PROVIDED RECORDS:

---*---

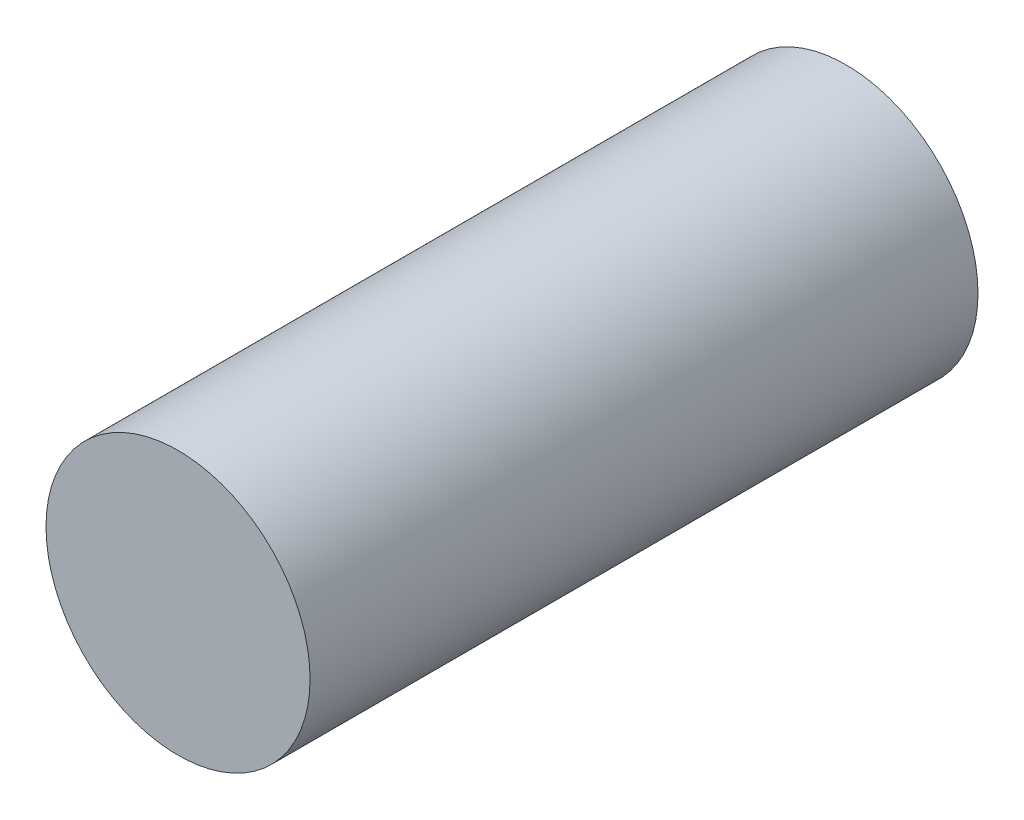
ISO-10303-21;
HEADER;
FILE_DESCRIPTION(('STEP AP214'),'2;1');
FILE_NAME('part.step','',(''),(''),'','','');
FILE_SCHEMA(('AUTOMOTIVE_DESIGN { 1 0 10303 214 1 1 1 1 }'));
ENDSEC;
DATA;
#1=APPLICATION_CONTEXT('core data for automotive mechanical design processes');
#2=APPLICATION_PROTOCOL_DEFINITION('international standard','automotive_design',2000,#1);
#3=PRODUCT_CONTEXT('',#1,'mechanical');
#4=PRODUCT('Part','Part','',(#3));
#5=PRODUCT_RELATED_PRODUCT_CATEGORY('part','',(#4));
#6=PRODUCT_DEFINITION_FORMATION('','',#4);
#7=PRODUCT_DEFINITION_CONTEXT('part definition',#1,'design');
#8=PRODUCT_DEFINITION('design','',#6,#7);
#9=PRODUCT_DEFINITION_SHAPE('','',#8);
#10=(LENGTH_UNIT() NAMED_UNIT(*) SI_UNIT(.MILLI.,.METRE.));
#11=(NAMED_UNIT(*) PLANE_ANGLE_UNIT() SI_UNIT($,.RADIAN.));
#12=(NAMED_UNIT(*) SI_UNIT($,.STERADIAN.) SOLID_ANGLE_UNIT());
#13=UNCERTAINTY_MEASURE_WITH_UNIT(LENGTH_MEASURE(1.E-05),#10,'distance_accuracy_value','');
#14=(GEOMETRIC_REPRESENTATION_CONTEXT(3) GLOBAL_UNCERTAINTY_ASSIGNED_CONTEXT((#13)) GLOBAL_UNIT_ASSIGNED_CONTEXT((#10,
#11,#12)) REPRESENTATION_CONTEXT('',''));
#15=CARTESIAN_POINT('',(0.,0.,0.));
#16=DIRECTION('',(0.,0.,1.));
#17=DIRECTION('',(1.,0.,0.));
#18=AXIS2_PLACEMENT_3D('',#15,#16,#17);
#19=CARTESIAN_POINT('',(0.,0.,43.));
#20=DIRECTION('',(0.,0.,-1.));
#21=DIRECTION('',(-1.,0.,0.));
#22=AXIS2_PLACEMENT_3D('',#19,#20,#21);
#23=CYLINDRICAL_SURFACE('',#22,8.5);
#24=CARTESIAN_POINT('',(0.,0.,43.));
#25=DIRECTION('',(0.,0.,1.));
#26=DIRECTION('',(1.,0.,0.));
#27=AXIS2_PLACEMENT_3D('',#24,#25,#26);
#28=CIRCLE('',#27,8.5);
#29=CARTESIAN_POINT('',(8.5,0.,43.));
#30=VERTEX_POINT('',#29);
#31=EDGE_CURVE('E10',#30,#30,#28,.T.);
#32=ORIENTED_EDGE('',*,*,#31,.F.);
#33=EDGE_LOOP('',(#32));
#34=FACE_BOUND('',#33,.T.);
#35=CARTESIAN_POINT('',(0.,0.,0.));
#36=DIRECTION('',(0.,0.,1.));
#37=DIRECTION('',(1.,0.,0.));
#38=AXIS2_PLACEMENT_3D('',#35,#36,#37);
#39=CIRCLE('',#38,8.5);
#40=CARTESIAN_POINT('',(8.5,0.,0.));
#41=VERTEX_POINT('',#40);
#42=EDGE_CURVE('E34',#41,#41,#39,.T.);
#43=ORIENTED_EDGE('',*,*,#42,.T.);
#44=EDGE_LOOP('',(#43));
#45=FACE_BOUND('',#44,.T.);
#46=ADVANCED_FACE('F31',(#34,#45),#23,.T.);
#47=CARTESIAN_POINT('',(0.,0.,43.));
#48=DIRECTION('',(0.,0.,1.));
#49=DIRECTION('',(1.,0.,0.));
#50=AXIS2_PLACEMENT_3D('',#47,#48,#49);
#51=PLANE('',#50);
#52=ORIENTED_EDGE('',*,*,#31,.T.);
#53=EDGE_LOOP('',(#52));
#54=FACE_BOUND('',#53,.T.);
#55=ADVANCED_FACE('F46',(#54),#51,.T.);
#56=CARTESIAN_POINT('',(0.,0.,0.));
#57=DIRECTION('',(0.,0.,1.));
#58=DIRECTION('',(1.,0.,0.));
#59=AXIS2_PLACEMENT_3D('',#56,#57,#58);
#60=PLANE('',#59);
#61=ORIENTED_EDGE('',*,*,#42,.F.);
#62=EDGE_LOOP('',(#61));
#63=FACE_BOUND('',#62,.T.);
#64=ADVANCED_FACE('F44',(#63),#60,.F.);
#65=CLOSED_SHELL('',(#46,#55,#64));
#66=MANIFOLD_SOLID_BREP('B2',#65);
#67=ADVANCED_BREP_SHAPE_REPRESENTATION('',(#18,#66),#14);
#68=SHAPE_DEFINITION_REPRESENTATION(#9,#67);
ENDSEC;
END-ISO-10303-21;
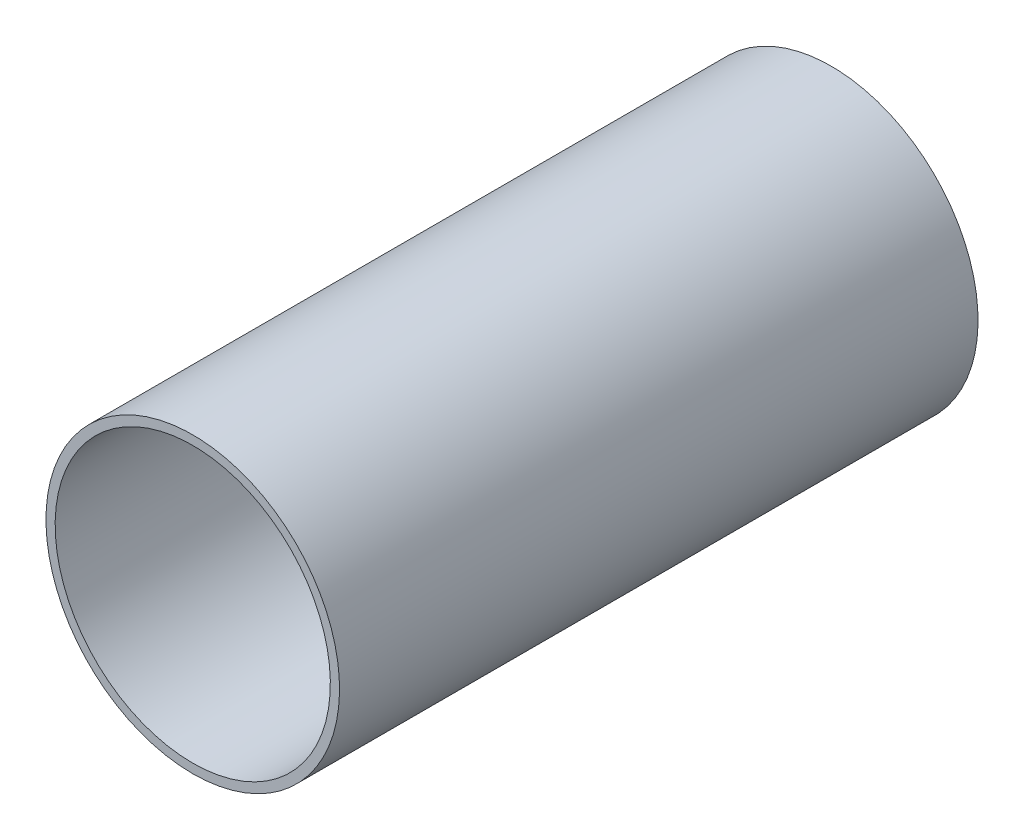
ISO-10303-21;
HEADER;
FILE_DESCRIPTION(('STEP AP214'),'2;1');
FILE_NAME('part.step','',(''),(''),'','','');
FILE_SCHEMA(('AUTOMOTIVE_DESIGN { 1 0 10303 214 1 1 1 1 }'));
ENDSEC;
DATA;
#1=APPLICATION_CONTEXT('core data for automotive mechanical design processes');
#2=APPLICATION_PROTOCOL_DEFINITION('international standard','automotive_design',2000,#1);
#3=PRODUCT_CONTEXT('',#1,'mechanical');
#4=PRODUCT('Part','Part','',(#3));
#5=PRODUCT_RELATED_PRODUCT_CATEGORY('part','',(#4));
#6=PRODUCT_DEFINITION_FORMATION('','',#4);
#7=PRODUCT_DEFINITION_CONTEXT('part definition',#1,'design');
#8=PRODUCT_DEFINITION('design','',#6,#7);
#9=PRODUCT_DEFINITION_SHAPE('','',#8);
#10=(LENGTH_UNIT() NAMED_UNIT(*) SI_UNIT(.MILLI.,.METRE.));
#11=(NAMED_UNIT(*) PLANE_ANGLE_UNIT() SI_UNIT($,.RADIAN.));
#12=(NAMED_UNIT(*) SI_UNIT($,.STERADIAN.) SOLID_ANGLE_UNIT());
#13=UNCERTAINTY_MEASURE_WITH_UNIT(LENGTH_MEASURE(1.E-05),#10,'distance_accuracy_value','');
#14=(GEOMETRIC_REPRESENTATION_CONTEXT(3) GLOBAL_UNCERTAINTY_ASSIGNED_CONTEXT((#13)) GLOBAL_UNIT_ASSIGNED_CONTEXT((#10,
#11,#12)) REPRESENTATION_CONTEXT('',''));
#15=CARTESIAN_POINT('',(0.,0.,0.));
#16=DIRECTION('',(0.,0.,1.));
#17=DIRECTION('',(1.,0.,0.));
#18=AXIS2_PLACEMENT_3D('',#15,#16,#17);
#19=CARTESIAN_POINT('',(146.304,-73.152,-0.045));
#20=DIRECTION('',(0.,0.,-1.));
#21=DIRECTION('',(0.,-1.,0.));
#22=AXIS2_PLACEMENT_3D('',#19,#20,#21);
#23=CYLINDRICAL_SURFACE('',#22,0.375);
#24=CARTESIAN_POINT('',(146.304,-73.152,-0.035));
#25=DIRECTION('',(0.,0.,-1.));
#26=DIRECTION('',(0.,-1.,0.));
#27=AXIS2_PLACEMENT_3D('',#24,#25,#26);
#28=CIRCLE('',#27,0.375);
#29=CARTESIAN_POINT('',(146.304,-73.527,-0.035));
#30=VERTEX_POINT('',#29);
#31=EDGE_CURVE('E63',#30,#30,#28,.T.);
#32=ORIENTED_EDGE('',*,*,#31,.T.);
#33=DIRECTION('',(0.,0.,1.));
#34=VECTOR('',#33,1.);
#35=CARTESIAN_POINT('',(146.304,-73.527,-0.045));
#36=LINE('',#35,#34);
#37=CARTESIAN_POINT('',(146.304,-73.527,1.705));
#38=VERTEX_POINT('',#37);
#39=EDGE_CURVE('E11',#30,#38,#36,.T.);
#40=ORIENTED_EDGE('',*,*,#39,.T.);
#41=CARTESIAN_POINT('',(146.304,-73.152,1.705));
#42=DIRECTION('',(0.,0.,-1.));
#43=DIRECTION('',(0.,-1.,0.));
#44=AXIS2_PLACEMENT_3D('',#41,#42,#43);
#45=CIRCLE('',#44,0.375);
#46=EDGE_CURVE('E25',#38,#38,#45,.T.);
#47=ORIENTED_EDGE('',*,*,#46,.F.);
#48=ORIENTED_EDGE('',*,*,#39,.F.);
#49=EDGE_LOOP('',(#32,#40,#47,#48));
#50=FACE_BOUND('',#49,.T.);
#51=ADVANCED_FACE('F17',(#50),#23,.F.);
#52=CARTESIAN_POINT('',(146.304,-73.552,1.705));
#53=DIRECTION('',(0.,0.,1.));
#54=DIRECTION('',(1.,0.,0.));
#55=AXIS2_PLACEMENT_3D('',#52,#53,#54);
#56=PLANE('',#55);
#57=ORIENTED_EDGE('',*,*,#46,.T.);
#58=EDGE_LOOP('',(#57));
#59=FACE_BOUND('',#58,.T.);
#60=CARTESIAN_POINT('',(146.304,-73.152,1.705));
#61=DIRECTION('',(0.,0.,1.));
#62=DIRECTION('',(0.,-1.,0.));
#63=AXIS2_PLACEMENT_3D('',#60,#61,#62);
#64=CIRCLE('',#63,0.4);
#65=CARTESIAN_POINT('',(146.304,-73.552,1.705));
#66=VERTEX_POINT('',#65);
#67=EDGE_CURVE('E55',#66,#66,#64,.T.);
#68=ORIENTED_EDGE('',*,*,#67,.T.);
#69=EDGE_LOOP('',(#68));
#70=FACE_BOUND('',#69,.T.);
#71=ADVANCED_FACE('F72',(#59,#70),#56,.T.);
#72=CARTESIAN_POINT('',(146.304,-73.552,-0.035));
#73=DIRECTION('',(0.,0.,1.));
#74=DIRECTION('',(1.,0.,0.));
#75=AXIS2_PLACEMENT_3D('',#72,#73,#74);
#76=PLANE('',#75);
#77=ORIENTED_EDGE('',*,*,#31,.F.);
#78=EDGE_LOOP('',(#77));
#79=FACE_BOUND('',#78,.T.);
#80=CARTESIAN_POINT('',(146.304,-73.152,-0.035));
#81=DIRECTION('',(0.,0.,1.));
#82=DIRECTION('',(0.,-1.,0.));
#83=AXIS2_PLACEMENT_3D('',#80,#81,#82);
#84=CIRCLE('',#83,0.4);
#85=CARTESIAN_POINT('',(146.304,-73.552,-0.035));
#86=VERTEX_POINT('',#85);
#87=EDGE_CURVE('E54',#86,#86,#84,.T.);
#88=ORIENTED_EDGE('',*,*,#87,.F.);
#89=EDGE_LOOP('',(#88));
#90=FACE_BOUND('',#89,.T.);
#91=ADVANCED_FACE('F81',(#79,#90),#76,.F.);
#92=CARTESIAN_POINT('',(146.304,-73.152,-0.035));
#93=DIRECTION('',(0.,0.,-1.));
#94=DIRECTION('',(0.,-1.,0.));
#95=AXIS2_PLACEMENT_3D('',#92,#93,#94);
#96=CYLINDRICAL_SURFACE('',#95,0.4);
#97=ORIENTED_EDGE('',*,*,#87,.T.);
#98=DIRECTION('',(0.,0.,1.));
#99=VECTOR('',#98,1.);
#100=CARTESIAN_POINT('',(146.304,-73.552,-0.035));
#101=LINE('',#100,#99);
#102=EDGE_CURVE('E51',#86,#66,#101,.T.);
#103=ORIENTED_EDGE('',*,*,#102,.T.);
#104=ORIENTED_EDGE('',*,*,#67,.F.);
#105=ORIENTED_EDGE('',*,*,#102,.F.);
#106=EDGE_LOOP('',(#97,#103,#104,#105));
#107=FACE_BOUND('',#106,.T.);
#108=ADVANCED_FACE('F52',(#107),#96,.T.);
#109=CLOSED_SHELL('',(#51,#71,#91,#108));
#110=MANIFOLD_SOLID_BREP('B1',#109);
#111=ADVANCED_BREP_SHAPE_REPRESENTATION('',(#18,#110),#14);
#112=SHAPE_DEFINITION_REPRESENTATION(#9,#111);
ENDSEC;
END-ISO-10303-21;

---*---

PROBLEM TO WORK ON: Within the material above, the line with "#36=LINE('',#35,#34);" opens the range and the line with "#49=EDGE_LOOP('',(#32,#40,#47,#48));" closes it; reproduce that range word for word.

RESULT OF THE TASK:
#36=LINE('',#35,#34);
#37=CARTESIAN_POINT('',(146.304,-73.527,1.705));
#38=VERTEX_POINT('',#37);
#39=EDGE_CURVE('E11',#30,#38,#36,.T.);
#40=ORIENTED_EDGE('',*,*,#39,.T.);
#41=CARTESIAN_POINT('',(146.304,-73.152,1.705));
#42=DIRECTION('',(0.,0.,-1.));
#43=DIRECTION('',(0.,-1.,0.));
#44=AXIS2_PLACEMENT_3D('',#41,#42,#43);
#45=CIRCLE('',#44,0.375);
#46=EDGE_CURVE('E25',#38,#38,#45,.T.);
#47=ORIENTED_EDGE('',*,*,#46,.F.);
#48=ORIENTED_EDGE('',*,*,#39,.F.);
#49=EDGE_LOOP('',(#32,#40,#47,#48));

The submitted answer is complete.